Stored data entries
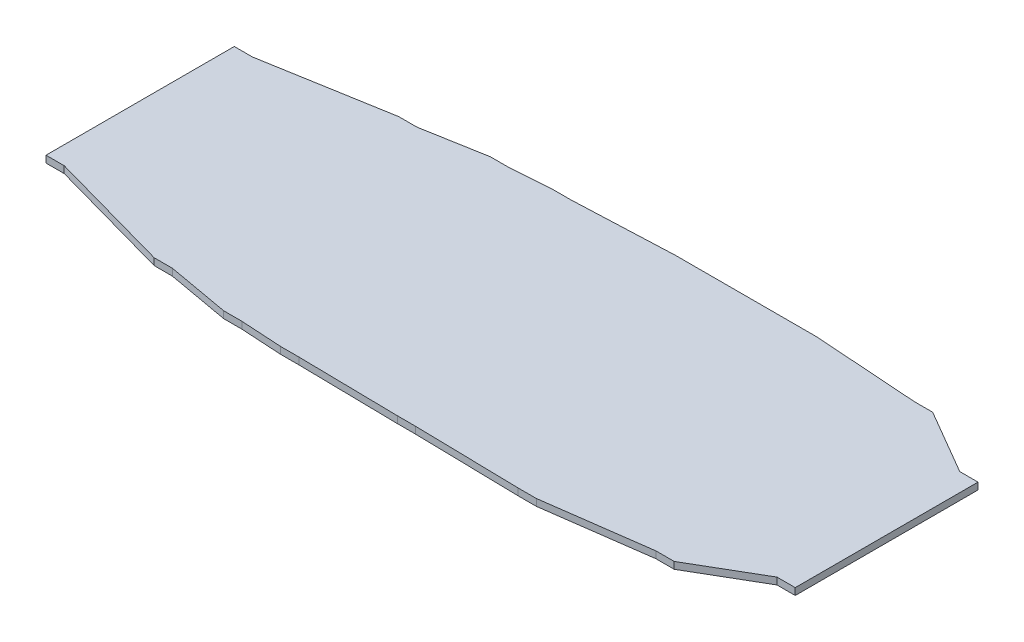
ISO-10303-21;
HEADER;
FILE_DESCRIPTION(('STEP AP214'),'2;1');
FILE_NAME('part.step','',(''),(''),'','','');
FILE_SCHEMA(('AUTOMOTIVE_DESIGN { 1 0 10303 214 1 1 1 1 }'));
ENDSEC;
DATA;
#1=APPLICATION_CONTEXT('core data for automotive mechanical design processes');
#2=APPLICATION_PROTOCOL_DEFINITION('international standard','automotive_design',2000,#1);
#3=PRODUCT_CONTEXT('',#1,'mechanical');
#4=PRODUCT('Part','Part','',(#3));
#5=PRODUCT_RELATED_PRODUCT_CATEGORY('part','',(#4));
#6=PRODUCT_DEFINITION_FORMATION('','',#4);
#7=PRODUCT_DEFINITION_CONTEXT('part definition',#1,'design');
#8=PRODUCT_DEFINITION('design','',#6,#7);
#9=PRODUCT_DEFINITION_SHAPE('','',#8);
#10=(LENGTH_UNIT() NAMED_UNIT(*) SI_UNIT(.MILLI.,.METRE.));
#11=(NAMED_UNIT(*) PLANE_ANGLE_UNIT() SI_UNIT($,.RADIAN.));
#12=(NAMED_UNIT(*) SI_UNIT($,.STERADIAN.) SOLID_ANGLE_UNIT());
#13=UNCERTAINTY_MEASURE_WITH_UNIT(LENGTH_MEASURE(1.E-05),#10,'distance_accuracy_value','');
#14=(GEOMETRIC_REPRESENTATION_CONTEXT(3) GLOBAL_UNCERTAINTY_ASSIGNED_CONTEXT((#13)) GLOBAL_UNIT_ASSIGNED_CONTEXT((#10,
#11,#12)) REPRESENTATION_CONTEXT('',''));
#15=CARTESIAN_POINT('',(0.,0.,0.));
#16=DIRECTION('',(0.,0.,1.));
#17=DIRECTION('',(1.,0.,0.));
#18=AXIS2_PLACEMENT_3D('',#15,#16,#17);
#19=CARTESIAN_POINT('',(-156.250453446982,3.,-43.9920991433387));
#20=DIRECTION('',(0.,0.,1.));
#21=DIRECTION('',(1.,0.,0.));
#22=AXIS2_PLACEMENT_3D('',#19,#20,#21);
#23=PLANE('',#22);
#24=DIRECTION('',(-1.,0.,0.));
#25=VECTOR('',#24,1.);
#26=CARTESIAN_POINT('',(-156.250453446982,0.,-43.9920991433387));
#27=LINE('',#26,#25);
#28=CARTESIAN_POINT('',(-156.250453446982,0.,-43.9920991433387));
#29=VERTEX_POINT('',#28);
#30=CARTESIAN_POINT('',(-164.250453446982,0.,-43.9920991433387));
#31=VERTEX_POINT('',#30);
#32=EDGE_CURVE('E279',#29,#31,#27,.T.);
#33=ORIENTED_EDGE('',*,*,#32,.T.);
#34=DIRECTION('',(0.,-1.,0.));
#35=VECTOR('',#34,1.);
#36=CARTESIAN_POINT('',(-164.250453446982,3.,-43.9920991433387));
#37=LINE('',#36,#35);
#38=CARTESIAN_POINT('',(-164.250453446982,3.,-43.9920991433387));
#39=VERTEX_POINT('',#38);
#40=EDGE_CURVE('E11',#39,#31,#37,.T.);
#41=ORIENTED_EDGE('',*,*,#40,.F.);
#42=DIRECTION('',(-1.,0.,0.));
#43=VECTOR('',#42,1.);
#44=CARTESIAN_POINT('',(-156.250453446982,3.,-43.9920991433387));
#45=LINE('',#44,#43);
#46=CARTESIAN_POINT('',(-156.250453446982,3.,-43.9920991433387));
#47=VERTEX_POINT('',#46);
#48=EDGE_CURVE('E341',#47,#39,#45,.T.);
#49=ORIENTED_EDGE('',*,*,#48,.F.);
#50=DIRECTION('',(0.,-1.,0.));
#51=VECTOR('',#50,1.);
#52=CARTESIAN_POINT('',(-156.250453446982,3.,-43.9920991433387));
#53=LINE('',#52,#51);
#54=EDGE_CURVE('E275',#47,#29,#53,.T.);
#55=ORIENTED_EDGE('',*,*,#54,.T.);
#56=EDGE_LOOP('',(#33,#41,#49,#55));
#57=FACE_BOUND('',#56,.T.);
#58=ADVANCED_FACE('F39',(#57),#23,.F.);
#59=CARTESIAN_POINT('',(-164.250453446982,3.,-43.9920991433387));
#60=DIRECTION('',(1.,0.,0.));
#61=DIRECTION('',(0.,0.,-1.));
#62=AXIS2_PLACEMENT_3D('',#59,#60,#61);
#63=PLANE('',#62);
#64=DIRECTION('',(0.,0.,1.));
#65=VECTOR('',#64,1.);
#66=CARTESIAN_POINT('',(-164.250453446982,0.,-43.9920991433387));
#67=LINE('',#66,#65);
#68=CARTESIAN_POINT('',(-164.250453446982,0.,38.5752174136704));
#69=VERTEX_POINT('',#68);
#70=EDGE_CURVE('E282',#31,#69,#67,.T.);
#71=ORIENTED_EDGE('',*,*,#70,.T.);
#72=DIRECTION('',(0.,-1.,0.));
#73=VECTOR('',#72,1.);
#74=CARTESIAN_POINT('',(-164.250453446982,3.,38.5752174136704));
#75=LINE('',#74,#73);
#76=CARTESIAN_POINT('',(-164.250453446982,3.,38.5752174136704));
#77=VERTEX_POINT('',#76);
#78=EDGE_CURVE('E47',#77,#69,#75,.T.);
#79=ORIENTED_EDGE('',*,*,#78,.F.);
#80=DIRECTION('',(0.,0.,1.));
#81=VECTOR('',#80,1.);
#82=CARTESIAN_POINT('',(-164.250453446982,3.,-43.9920991433387));
#83=LINE('',#82,#81);
#84=EDGE_CURVE('E170',#39,#77,#83,.T.);
#85=ORIENTED_EDGE('',*,*,#84,.F.);
#86=ORIENTED_EDGE('',*,*,#40,.T.);
#87=EDGE_LOOP('',(#71,#79,#85,#86));
#88=FACE_BOUND('',#87,.T.);
#89=ADVANCED_FACE('F519',(#88),#63,.F.);
#90=CARTESIAN_POINT('',(-164.250453446982,3.,38.5752174136704));
#91=DIRECTION('',(0.,0.,-1.));
#92=DIRECTION('',(-1.,0.,0.));
#93=AXIS2_PLACEMENT_3D('',#90,#91,#92);
#94=PLANE('',#93);
#95=DIRECTION('',(1.,0.,0.));
#96=VECTOR('',#95,1.);
#97=CARTESIAN_POINT('',(-164.250453446982,0.,38.5752174136704));
#98=LINE('',#97,#96);
#99=CARTESIAN_POINT('',(-156.250453446982,0.,38.5752174136704));
#100=VERTEX_POINT('',#99);
#101=EDGE_CURVE('E284',#69,#100,#98,.T.);
#102=ORIENTED_EDGE('',*,*,#101,.T.);
#103=DIRECTION('',(0.,-1.,0.));
#104=VECTOR('',#103,1.);
#105=CARTESIAN_POINT('',(-156.250453446982,3.,38.5752174136704));
#106=LINE('',#105,#104);
#107=CARTESIAN_POINT('',(-156.250453446982,3.,38.5752174136704));
#108=VERTEX_POINT('',#107);
#109=EDGE_CURVE('E420',#108,#100,#106,.T.);
#110=ORIENTED_EDGE('',*,*,#109,.F.);
#111=DIRECTION('',(1.,0.,0.));
#112=VECTOR('',#111,1.);
#113=CARTESIAN_POINT('',(-164.250453446982,3.,38.5752174136704));
#114=LINE('',#113,#112);
#115=EDGE_CURVE('E428',#77,#108,#114,.T.);
#116=ORIENTED_EDGE('',*,*,#115,.F.);
#117=ORIENTED_EDGE('',*,*,#78,.T.);
#118=EDGE_LOOP('',(#102,#110,#116,#117));
#119=FACE_BOUND('',#118,.T.);
#120=ADVANCED_FACE('F426',(#119),#94,.F.);
#121=CARTESIAN_POINT('',(-156.250453446982,3.,38.5752174136704));
#122=DIRECTION('',(0.268309351013595,0.,-0.963332804465136));
#123=DIRECTION('',(-0.963332804465136,0.,-0.268309351013595));
#124=AXIS2_PLACEMENT_3D('',#121,#122,#123);
#125=PLANE('',#124);
#126=DIRECTION('',(0.963332804465136,0.,0.268309351013595));
#127=VECTOR('',#126,1.);
#128=CARTESIAN_POINT('',(-156.250453446982,0.,38.5752174136704));
#129=LINE('',#128,#127);
#130=CARTESIAN_POINT('',(-101.593567098596,0.,53.7983611046002));
#131=VERTEX_POINT('',#130);
#132=EDGE_CURVE('E286',#100,#131,#129,.T.);
#133=ORIENTED_EDGE('',*,*,#132,.T.);
#134=DIRECTION('',(0.,-1.,0.));
#135=VECTOR('',#134,1.);
#136=CARTESIAN_POINT('',(-101.593567098596,3.,53.7983611046002));
#137=LINE('',#136,#135);
#138=CARTESIAN_POINT('',(-101.593567098596,3.,53.7983611046002));
#139=VERTEX_POINT('',#138);
#140=EDGE_CURVE('E417',#139,#131,#137,.T.);
#141=ORIENTED_EDGE('',*,*,#140,.F.);
#142=DIRECTION('',(0.963332804465136,0.,0.268309351013595));
#143=VECTOR('',#142,1.);
#144=CARTESIAN_POINT('',(-156.250453446982,3.,38.5752174136704));
#145=LINE('',#144,#143);
#146=EDGE_CURVE('E446',#108,#139,#145,.T.);
#147=ORIENTED_EDGE('',*,*,#146,.F.);
#148=ORIENTED_EDGE('',*,*,#109,.T.);
#149=EDGE_LOOP('',(#133,#141,#147,#148));
#150=FACE_BOUND('',#149,.T.);
#151=ADVANCED_FACE('F437',(#150),#125,.F.);
#152=CARTESIAN_POINT('',(-101.593567098596,3.,53.7983611046002));
#153=DIRECTION('',(0.,0.,-1.));
#154=DIRECTION('',(-1.,0.,0.));
#155=AXIS2_PLACEMENT_3D('',#152,#153,#154);
#156=PLANE('',#155);
#157=DIRECTION('',(1.,0.,0.));
#158=VECTOR('',#157,1.);
#159=CARTESIAN_POINT('',(-101.593567098596,0.,53.7983611046002));
#160=LINE('',#159,#158);
#161=CARTESIAN_POINT('',(-93.5935670985964,0.,53.7983611046002));
#162=VERTEX_POINT('',#161);
#163=EDGE_CURVE('E288',#131,#162,#160,.T.);
#164=ORIENTED_EDGE('',*,*,#163,.T.);
#165=DIRECTION('',(0.,-1.,0.));
#166=VECTOR('',#165,1.);
#167=CARTESIAN_POINT('',(-93.5935670985964,3.,53.7983611046002));
#168=LINE('',#167,#166);
#169=CARTESIAN_POINT('',(-93.5935670985964,3.,53.7983611046002));
#170=VERTEX_POINT('',#169);
#171=EDGE_CURVE('E414',#170,#162,#168,.T.);
#172=ORIENTED_EDGE('',*,*,#171,.F.);
#173=DIRECTION('',(1.,0.,0.));
#174=VECTOR('',#173,1.);
#175=CARTESIAN_POINT('',(-101.593567098596,3.,53.7983611046002));
#176=LINE('',#175,#174);
#177=EDGE_CURVE('E443',#139,#170,#176,.T.);
#178=ORIENTED_EDGE('',*,*,#177,.F.);
#179=ORIENTED_EDGE('',*,*,#140,.T.);
#180=EDGE_LOOP('',(#164,#172,#178,#179));
#181=FACE_BOUND('',#180,.T.);
#182=ADVANCED_FACE('F441',(#181),#156,.F.);
#183=CARTESIAN_POINT('',(-93.5935670985964,3.,53.7983611046002));
#184=DIRECTION('',(0.176143830037052,0.,-0.984364440204886));
#185=DIRECTION('',(-0.984364440204886,0.,-0.176143830037052));
#186=AXIS2_PLACEMENT_3D('',#183,#184,#185);
#187=PLANE('',#186);
#188=DIRECTION('',(0.984364440204886,0.,0.176143830037052));
#189=VECTOR('',#188,1.);
#190=CARTESIAN_POINT('',(-93.5935670985964,0.,53.7983611046002));
#191=LINE('',#190,#189);
#192=CARTESIAN_POINT('',(-66.2085244082977,0.,58.6986867443535));
#193=VERTEX_POINT('',#192);
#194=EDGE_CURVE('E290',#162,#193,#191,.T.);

#### What you have to do
Copy the lines above exactly. Start with the line containing "#178=ORIENTED_EDGE('',*,*,#177,.F.);", end with the line containing "#191=LINE('',#190,#189);", and include both.

#### Output below
#178=ORIENTED_EDGE('',*,*,#177,.F.);
#179=ORIENTED_EDGE('',*,*,#140,.T.);
#180=EDGE_LOOP('',(#164,#172,#178,#179));
#181=FACE_BOUND('',#180,.T.);
#182=ADVANCED_FACE('F441',(#181),#156,.F.);
#183=CARTESIAN_POINT('',(-93.5935670985964,3.,53.7983611046002));
#184=DIRECTION('',(0.176143830037052,0.,-0.984364440204886));
#185=DIRECTION('',(-0.984364440204886,0.,-0.176143830037052));
#186=AXIS2_PLACEMENT_3D('',#183,#184,#185);
#187=PLANE('',#186);
#188=DIRECTION('',(0.984364440204886,0.,0.176143830037052));
#189=VECTOR('',#188,1.);
#190=CARTESIAN_POINT('',(-93.5935670985964,0.,53.7983611046002));
#191=LINE('',#190,#189);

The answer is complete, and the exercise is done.